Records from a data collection
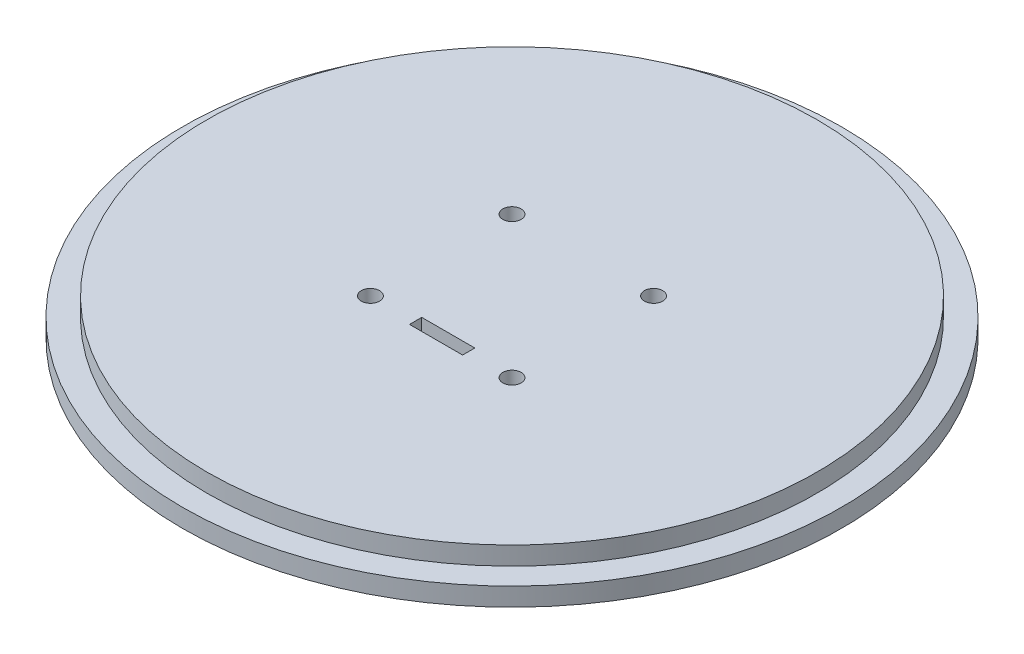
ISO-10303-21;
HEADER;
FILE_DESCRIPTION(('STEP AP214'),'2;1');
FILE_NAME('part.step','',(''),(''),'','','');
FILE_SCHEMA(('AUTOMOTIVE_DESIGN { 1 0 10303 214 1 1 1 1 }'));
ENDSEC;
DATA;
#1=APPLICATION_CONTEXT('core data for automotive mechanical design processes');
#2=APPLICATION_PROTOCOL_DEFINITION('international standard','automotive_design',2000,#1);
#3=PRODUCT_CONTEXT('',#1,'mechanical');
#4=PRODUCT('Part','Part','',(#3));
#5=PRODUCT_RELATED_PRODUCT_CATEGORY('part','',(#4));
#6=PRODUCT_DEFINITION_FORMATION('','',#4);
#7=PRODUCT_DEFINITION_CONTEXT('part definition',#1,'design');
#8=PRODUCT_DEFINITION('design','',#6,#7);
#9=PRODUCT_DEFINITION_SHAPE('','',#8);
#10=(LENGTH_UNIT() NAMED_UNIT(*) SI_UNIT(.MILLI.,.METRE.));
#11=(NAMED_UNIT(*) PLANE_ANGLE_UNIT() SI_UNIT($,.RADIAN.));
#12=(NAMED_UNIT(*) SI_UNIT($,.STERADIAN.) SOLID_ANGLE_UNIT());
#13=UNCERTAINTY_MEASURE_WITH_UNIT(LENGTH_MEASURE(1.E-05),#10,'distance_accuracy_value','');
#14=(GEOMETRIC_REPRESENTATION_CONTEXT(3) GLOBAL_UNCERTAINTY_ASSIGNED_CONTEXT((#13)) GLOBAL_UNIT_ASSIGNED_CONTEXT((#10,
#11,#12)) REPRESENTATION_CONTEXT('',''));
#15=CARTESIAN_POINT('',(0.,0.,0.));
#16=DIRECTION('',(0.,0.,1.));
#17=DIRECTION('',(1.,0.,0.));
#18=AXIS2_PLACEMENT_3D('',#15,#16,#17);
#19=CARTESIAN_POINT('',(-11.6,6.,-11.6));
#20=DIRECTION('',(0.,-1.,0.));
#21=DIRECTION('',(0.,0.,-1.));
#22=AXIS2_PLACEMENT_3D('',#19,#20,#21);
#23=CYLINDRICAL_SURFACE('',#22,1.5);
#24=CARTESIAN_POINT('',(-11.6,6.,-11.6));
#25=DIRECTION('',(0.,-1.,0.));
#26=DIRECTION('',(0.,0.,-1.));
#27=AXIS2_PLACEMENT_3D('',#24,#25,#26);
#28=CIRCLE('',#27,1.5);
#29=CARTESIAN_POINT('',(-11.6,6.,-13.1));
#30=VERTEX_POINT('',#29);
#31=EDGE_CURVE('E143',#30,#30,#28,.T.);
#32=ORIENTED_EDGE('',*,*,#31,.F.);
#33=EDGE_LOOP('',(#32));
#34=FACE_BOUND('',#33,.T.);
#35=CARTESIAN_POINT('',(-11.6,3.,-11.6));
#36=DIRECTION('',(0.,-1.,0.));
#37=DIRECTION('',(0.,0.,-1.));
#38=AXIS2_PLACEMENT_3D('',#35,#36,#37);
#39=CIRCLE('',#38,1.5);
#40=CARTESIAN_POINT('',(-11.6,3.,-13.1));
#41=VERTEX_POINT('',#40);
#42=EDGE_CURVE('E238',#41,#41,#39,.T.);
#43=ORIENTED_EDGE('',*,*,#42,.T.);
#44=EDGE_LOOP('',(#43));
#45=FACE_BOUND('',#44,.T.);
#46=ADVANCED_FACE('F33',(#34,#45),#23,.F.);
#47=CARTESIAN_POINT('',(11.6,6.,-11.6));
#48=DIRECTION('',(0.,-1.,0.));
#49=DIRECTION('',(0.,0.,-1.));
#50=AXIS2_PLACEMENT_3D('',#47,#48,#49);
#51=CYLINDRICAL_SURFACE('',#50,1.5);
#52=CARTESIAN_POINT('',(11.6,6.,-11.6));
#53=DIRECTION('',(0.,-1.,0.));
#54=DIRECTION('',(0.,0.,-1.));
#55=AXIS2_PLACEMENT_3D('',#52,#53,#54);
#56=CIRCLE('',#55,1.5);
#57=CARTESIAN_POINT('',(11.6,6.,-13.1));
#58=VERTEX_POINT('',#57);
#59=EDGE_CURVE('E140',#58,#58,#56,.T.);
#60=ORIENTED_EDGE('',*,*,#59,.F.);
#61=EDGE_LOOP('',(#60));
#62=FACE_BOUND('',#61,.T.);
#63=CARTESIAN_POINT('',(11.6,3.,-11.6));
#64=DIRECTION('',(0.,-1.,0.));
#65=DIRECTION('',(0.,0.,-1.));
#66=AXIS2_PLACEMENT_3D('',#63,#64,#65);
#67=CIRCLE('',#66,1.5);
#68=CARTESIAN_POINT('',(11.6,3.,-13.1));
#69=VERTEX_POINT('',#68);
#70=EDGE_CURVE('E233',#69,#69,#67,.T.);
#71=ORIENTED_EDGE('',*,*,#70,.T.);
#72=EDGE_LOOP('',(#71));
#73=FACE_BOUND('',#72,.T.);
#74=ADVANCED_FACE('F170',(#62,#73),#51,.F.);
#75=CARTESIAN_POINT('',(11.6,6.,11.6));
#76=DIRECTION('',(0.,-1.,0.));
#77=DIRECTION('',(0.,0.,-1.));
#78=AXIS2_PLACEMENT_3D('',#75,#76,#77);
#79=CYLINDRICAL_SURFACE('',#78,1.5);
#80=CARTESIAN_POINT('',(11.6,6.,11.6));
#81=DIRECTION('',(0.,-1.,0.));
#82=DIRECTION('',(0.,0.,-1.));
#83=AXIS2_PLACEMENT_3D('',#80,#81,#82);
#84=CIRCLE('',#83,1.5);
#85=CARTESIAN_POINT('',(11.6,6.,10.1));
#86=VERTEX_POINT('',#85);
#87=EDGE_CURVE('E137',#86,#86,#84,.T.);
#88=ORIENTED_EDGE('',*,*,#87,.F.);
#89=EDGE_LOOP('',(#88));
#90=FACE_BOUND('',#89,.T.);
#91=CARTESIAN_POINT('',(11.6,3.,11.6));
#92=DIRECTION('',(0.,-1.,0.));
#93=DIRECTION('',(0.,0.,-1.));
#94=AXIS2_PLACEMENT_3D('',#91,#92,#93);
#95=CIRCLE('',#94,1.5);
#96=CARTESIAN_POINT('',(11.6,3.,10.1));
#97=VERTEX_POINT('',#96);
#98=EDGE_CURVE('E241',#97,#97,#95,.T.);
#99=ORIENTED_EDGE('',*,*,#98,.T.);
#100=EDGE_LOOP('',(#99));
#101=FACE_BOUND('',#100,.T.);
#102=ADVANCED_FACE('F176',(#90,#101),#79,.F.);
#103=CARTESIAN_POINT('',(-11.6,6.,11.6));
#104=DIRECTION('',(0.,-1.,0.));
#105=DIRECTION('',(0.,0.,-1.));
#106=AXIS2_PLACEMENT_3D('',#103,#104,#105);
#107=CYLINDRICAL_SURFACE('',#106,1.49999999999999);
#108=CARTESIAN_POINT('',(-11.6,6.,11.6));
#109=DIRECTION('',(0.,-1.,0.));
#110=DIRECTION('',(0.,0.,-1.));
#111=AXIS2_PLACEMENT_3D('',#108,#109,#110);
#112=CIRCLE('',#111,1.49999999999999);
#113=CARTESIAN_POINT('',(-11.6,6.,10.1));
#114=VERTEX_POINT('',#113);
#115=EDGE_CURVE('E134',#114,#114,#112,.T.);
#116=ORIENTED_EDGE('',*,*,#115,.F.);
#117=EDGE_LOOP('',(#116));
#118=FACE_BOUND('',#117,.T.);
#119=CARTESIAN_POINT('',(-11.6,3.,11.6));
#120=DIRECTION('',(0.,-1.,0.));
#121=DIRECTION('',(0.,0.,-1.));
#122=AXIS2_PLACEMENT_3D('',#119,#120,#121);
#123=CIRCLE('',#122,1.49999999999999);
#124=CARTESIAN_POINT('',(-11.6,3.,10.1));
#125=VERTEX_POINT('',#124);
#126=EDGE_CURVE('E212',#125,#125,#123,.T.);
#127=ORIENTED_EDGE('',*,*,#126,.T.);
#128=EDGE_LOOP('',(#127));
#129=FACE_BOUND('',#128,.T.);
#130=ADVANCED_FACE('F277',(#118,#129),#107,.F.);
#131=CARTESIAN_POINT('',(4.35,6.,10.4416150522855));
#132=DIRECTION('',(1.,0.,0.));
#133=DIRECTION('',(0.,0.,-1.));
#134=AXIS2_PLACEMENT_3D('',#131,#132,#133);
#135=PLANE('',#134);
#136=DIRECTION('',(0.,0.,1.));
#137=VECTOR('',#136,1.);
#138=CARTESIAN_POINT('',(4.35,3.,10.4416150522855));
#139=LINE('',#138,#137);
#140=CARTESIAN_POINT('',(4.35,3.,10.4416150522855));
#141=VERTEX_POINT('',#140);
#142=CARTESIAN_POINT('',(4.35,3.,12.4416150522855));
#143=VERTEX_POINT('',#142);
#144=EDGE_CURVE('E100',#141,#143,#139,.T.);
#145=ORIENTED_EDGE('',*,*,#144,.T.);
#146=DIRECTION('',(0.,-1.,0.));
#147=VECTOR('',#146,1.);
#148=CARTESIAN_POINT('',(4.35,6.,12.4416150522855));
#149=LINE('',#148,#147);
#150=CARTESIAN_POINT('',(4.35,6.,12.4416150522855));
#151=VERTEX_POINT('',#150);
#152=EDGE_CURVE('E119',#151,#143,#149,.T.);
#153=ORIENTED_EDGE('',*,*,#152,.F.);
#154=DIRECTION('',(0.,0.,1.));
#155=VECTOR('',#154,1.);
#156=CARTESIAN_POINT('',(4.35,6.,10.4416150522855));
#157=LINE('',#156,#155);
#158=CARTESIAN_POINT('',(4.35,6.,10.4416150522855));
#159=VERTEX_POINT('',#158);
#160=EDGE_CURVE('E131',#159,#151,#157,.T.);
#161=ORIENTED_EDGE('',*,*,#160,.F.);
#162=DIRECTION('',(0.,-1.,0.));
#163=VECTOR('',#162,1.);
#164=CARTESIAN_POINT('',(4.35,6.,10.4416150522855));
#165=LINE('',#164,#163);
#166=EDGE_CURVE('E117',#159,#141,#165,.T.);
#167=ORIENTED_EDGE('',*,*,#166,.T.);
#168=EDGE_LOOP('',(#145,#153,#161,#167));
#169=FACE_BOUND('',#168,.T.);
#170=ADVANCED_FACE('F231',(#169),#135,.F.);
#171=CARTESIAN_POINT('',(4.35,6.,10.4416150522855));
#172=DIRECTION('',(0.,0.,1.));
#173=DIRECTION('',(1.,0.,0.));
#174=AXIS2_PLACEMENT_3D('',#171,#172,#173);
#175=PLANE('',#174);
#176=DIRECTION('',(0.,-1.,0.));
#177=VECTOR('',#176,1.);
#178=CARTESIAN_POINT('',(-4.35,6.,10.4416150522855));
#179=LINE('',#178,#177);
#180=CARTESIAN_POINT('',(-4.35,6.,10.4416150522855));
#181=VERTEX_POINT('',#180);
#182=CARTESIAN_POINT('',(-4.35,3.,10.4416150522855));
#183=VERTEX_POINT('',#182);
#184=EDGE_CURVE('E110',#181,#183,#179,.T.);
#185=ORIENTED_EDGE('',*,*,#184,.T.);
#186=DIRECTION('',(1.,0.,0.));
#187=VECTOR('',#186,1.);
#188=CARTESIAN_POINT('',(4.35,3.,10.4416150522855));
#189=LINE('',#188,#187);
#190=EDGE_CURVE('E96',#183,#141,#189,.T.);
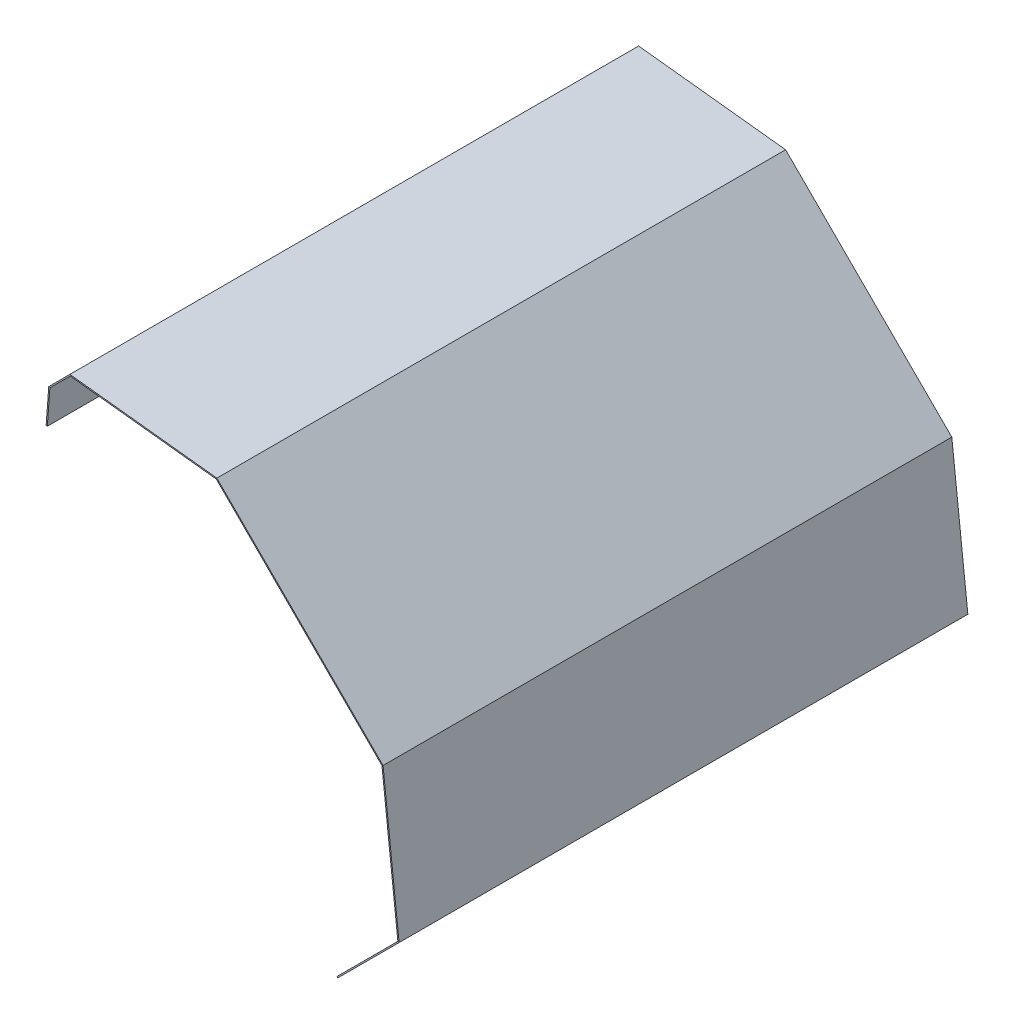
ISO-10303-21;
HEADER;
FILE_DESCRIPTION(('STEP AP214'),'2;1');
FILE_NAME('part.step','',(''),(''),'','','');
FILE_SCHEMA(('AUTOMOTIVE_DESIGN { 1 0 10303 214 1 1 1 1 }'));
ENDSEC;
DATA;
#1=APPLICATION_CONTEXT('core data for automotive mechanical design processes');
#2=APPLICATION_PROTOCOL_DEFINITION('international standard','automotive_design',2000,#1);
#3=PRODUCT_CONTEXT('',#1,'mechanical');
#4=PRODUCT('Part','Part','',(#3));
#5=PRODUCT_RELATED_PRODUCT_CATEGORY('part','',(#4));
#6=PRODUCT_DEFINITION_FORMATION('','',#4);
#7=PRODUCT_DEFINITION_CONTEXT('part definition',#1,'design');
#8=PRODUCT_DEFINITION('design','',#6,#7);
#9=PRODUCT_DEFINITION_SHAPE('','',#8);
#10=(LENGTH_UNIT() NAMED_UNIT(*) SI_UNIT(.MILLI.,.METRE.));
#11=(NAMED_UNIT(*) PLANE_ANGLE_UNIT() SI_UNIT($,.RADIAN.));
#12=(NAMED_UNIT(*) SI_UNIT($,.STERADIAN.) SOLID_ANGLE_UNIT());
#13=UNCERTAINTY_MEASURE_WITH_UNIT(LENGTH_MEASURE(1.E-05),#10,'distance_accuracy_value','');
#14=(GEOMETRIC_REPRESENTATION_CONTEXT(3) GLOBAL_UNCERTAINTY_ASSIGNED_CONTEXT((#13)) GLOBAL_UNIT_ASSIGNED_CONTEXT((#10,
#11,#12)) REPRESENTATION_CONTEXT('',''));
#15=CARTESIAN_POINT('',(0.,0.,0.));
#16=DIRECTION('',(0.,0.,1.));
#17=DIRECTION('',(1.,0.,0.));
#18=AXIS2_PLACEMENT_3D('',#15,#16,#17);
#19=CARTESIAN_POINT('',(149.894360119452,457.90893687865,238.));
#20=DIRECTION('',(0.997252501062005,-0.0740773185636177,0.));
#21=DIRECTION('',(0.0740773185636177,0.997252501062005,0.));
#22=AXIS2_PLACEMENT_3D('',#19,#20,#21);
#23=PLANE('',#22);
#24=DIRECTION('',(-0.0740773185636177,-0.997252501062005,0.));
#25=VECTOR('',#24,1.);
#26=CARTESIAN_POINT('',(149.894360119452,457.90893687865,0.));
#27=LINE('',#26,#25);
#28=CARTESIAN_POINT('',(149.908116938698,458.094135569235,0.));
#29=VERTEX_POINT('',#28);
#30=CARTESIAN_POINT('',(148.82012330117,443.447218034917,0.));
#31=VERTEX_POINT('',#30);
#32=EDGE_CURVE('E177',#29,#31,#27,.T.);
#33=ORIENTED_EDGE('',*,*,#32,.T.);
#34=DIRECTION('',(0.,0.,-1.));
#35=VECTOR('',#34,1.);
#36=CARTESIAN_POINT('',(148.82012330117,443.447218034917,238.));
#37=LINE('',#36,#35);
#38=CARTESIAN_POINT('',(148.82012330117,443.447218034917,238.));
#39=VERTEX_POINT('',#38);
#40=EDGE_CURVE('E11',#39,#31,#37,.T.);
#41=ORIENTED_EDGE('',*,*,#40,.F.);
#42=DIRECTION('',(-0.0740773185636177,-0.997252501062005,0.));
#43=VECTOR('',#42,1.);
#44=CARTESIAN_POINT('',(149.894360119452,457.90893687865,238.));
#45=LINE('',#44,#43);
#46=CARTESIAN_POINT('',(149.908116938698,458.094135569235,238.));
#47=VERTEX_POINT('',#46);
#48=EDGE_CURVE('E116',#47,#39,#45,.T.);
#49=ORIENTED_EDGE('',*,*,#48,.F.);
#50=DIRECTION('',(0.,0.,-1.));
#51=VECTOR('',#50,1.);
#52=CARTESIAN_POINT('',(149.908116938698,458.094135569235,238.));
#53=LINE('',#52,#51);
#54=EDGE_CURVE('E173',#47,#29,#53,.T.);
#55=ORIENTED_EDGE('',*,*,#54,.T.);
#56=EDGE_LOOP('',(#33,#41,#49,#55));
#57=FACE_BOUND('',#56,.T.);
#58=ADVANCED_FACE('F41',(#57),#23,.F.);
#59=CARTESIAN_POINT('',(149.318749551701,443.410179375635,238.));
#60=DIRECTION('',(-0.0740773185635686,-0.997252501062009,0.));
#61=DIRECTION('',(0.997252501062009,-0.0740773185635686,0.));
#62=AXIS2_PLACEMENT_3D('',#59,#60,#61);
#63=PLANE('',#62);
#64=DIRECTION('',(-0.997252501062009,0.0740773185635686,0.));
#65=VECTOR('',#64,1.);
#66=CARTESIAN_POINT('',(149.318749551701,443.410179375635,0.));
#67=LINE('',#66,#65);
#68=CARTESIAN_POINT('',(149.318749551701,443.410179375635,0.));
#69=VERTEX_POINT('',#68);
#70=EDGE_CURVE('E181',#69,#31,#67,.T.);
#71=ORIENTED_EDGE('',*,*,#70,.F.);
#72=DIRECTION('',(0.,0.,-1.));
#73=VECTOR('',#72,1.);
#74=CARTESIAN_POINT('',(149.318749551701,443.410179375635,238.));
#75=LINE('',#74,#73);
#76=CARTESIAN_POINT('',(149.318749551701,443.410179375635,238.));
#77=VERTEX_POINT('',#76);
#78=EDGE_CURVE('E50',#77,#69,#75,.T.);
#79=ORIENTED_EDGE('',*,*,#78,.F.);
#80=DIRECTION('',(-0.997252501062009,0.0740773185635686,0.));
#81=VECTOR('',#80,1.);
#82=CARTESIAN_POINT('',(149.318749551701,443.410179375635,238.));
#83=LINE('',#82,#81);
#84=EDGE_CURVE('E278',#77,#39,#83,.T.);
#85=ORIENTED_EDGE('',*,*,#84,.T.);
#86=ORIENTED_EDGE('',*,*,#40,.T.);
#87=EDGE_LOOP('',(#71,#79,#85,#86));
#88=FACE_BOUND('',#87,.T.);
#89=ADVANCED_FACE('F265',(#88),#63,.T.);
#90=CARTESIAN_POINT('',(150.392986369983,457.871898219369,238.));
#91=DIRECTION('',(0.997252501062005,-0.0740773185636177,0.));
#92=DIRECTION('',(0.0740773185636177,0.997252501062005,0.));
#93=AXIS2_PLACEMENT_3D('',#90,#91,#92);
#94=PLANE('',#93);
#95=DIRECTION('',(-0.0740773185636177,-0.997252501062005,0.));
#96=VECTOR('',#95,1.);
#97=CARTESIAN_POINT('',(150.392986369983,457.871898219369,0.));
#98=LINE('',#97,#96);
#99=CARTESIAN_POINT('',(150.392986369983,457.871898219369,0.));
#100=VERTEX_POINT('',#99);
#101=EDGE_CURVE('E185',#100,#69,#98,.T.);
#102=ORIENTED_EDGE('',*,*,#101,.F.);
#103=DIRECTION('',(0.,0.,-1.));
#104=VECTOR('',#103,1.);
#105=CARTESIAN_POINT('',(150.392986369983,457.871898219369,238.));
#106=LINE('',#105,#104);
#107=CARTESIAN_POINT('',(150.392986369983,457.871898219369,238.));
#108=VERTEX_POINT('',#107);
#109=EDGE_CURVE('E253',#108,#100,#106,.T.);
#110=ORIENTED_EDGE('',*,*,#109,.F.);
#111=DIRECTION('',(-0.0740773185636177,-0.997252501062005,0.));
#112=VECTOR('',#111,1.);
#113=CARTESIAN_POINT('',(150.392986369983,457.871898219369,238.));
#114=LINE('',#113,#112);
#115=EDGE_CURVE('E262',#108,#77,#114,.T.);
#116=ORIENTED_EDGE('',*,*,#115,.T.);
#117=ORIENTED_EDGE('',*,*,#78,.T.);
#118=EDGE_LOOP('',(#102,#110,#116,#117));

What you are asked to do – Return, word for word, the lines of the data above from the line with "#38=CARTESIAN_POINT('',(148.82012330117,443.447218034917,238.));" through the line with "#51=VECTOR('',#50,1.);", inclusive.

Written reply –
#38=CARTESIAN_POINT('',(148.82012330117,443.447218034917,238.));
#39=VERTEX_POINT('',#38);
#40=EDGE_CURVE('E11',#39,#31,#37,.T.);
#41=ORIENTED_EDGE('',*,*,#40,.F.);
#42=DIRECTION('',(-0.0740773185636177,-0.997252501062005,0.));
#43=VECTOR('',#42,1.);
#44=CARTESIAN_POINT('',(149.894360119452,457.90893687865,238.));
#45=LINE('',#44,#43);
#46=CARTESIAN_POINT('',(149.908116938698,458.094135569235,238.));
#47=VERTEX_POINT('',#46);
#48=EDGE_CURVE('E116',#47,#39,#45,.T.);
#49=ORIENTED_EDGE('',*,*,#48,.F.);
#50=DIRECTION('',(0.,0.,-1.));
#51=VECTOR('',#50,1.);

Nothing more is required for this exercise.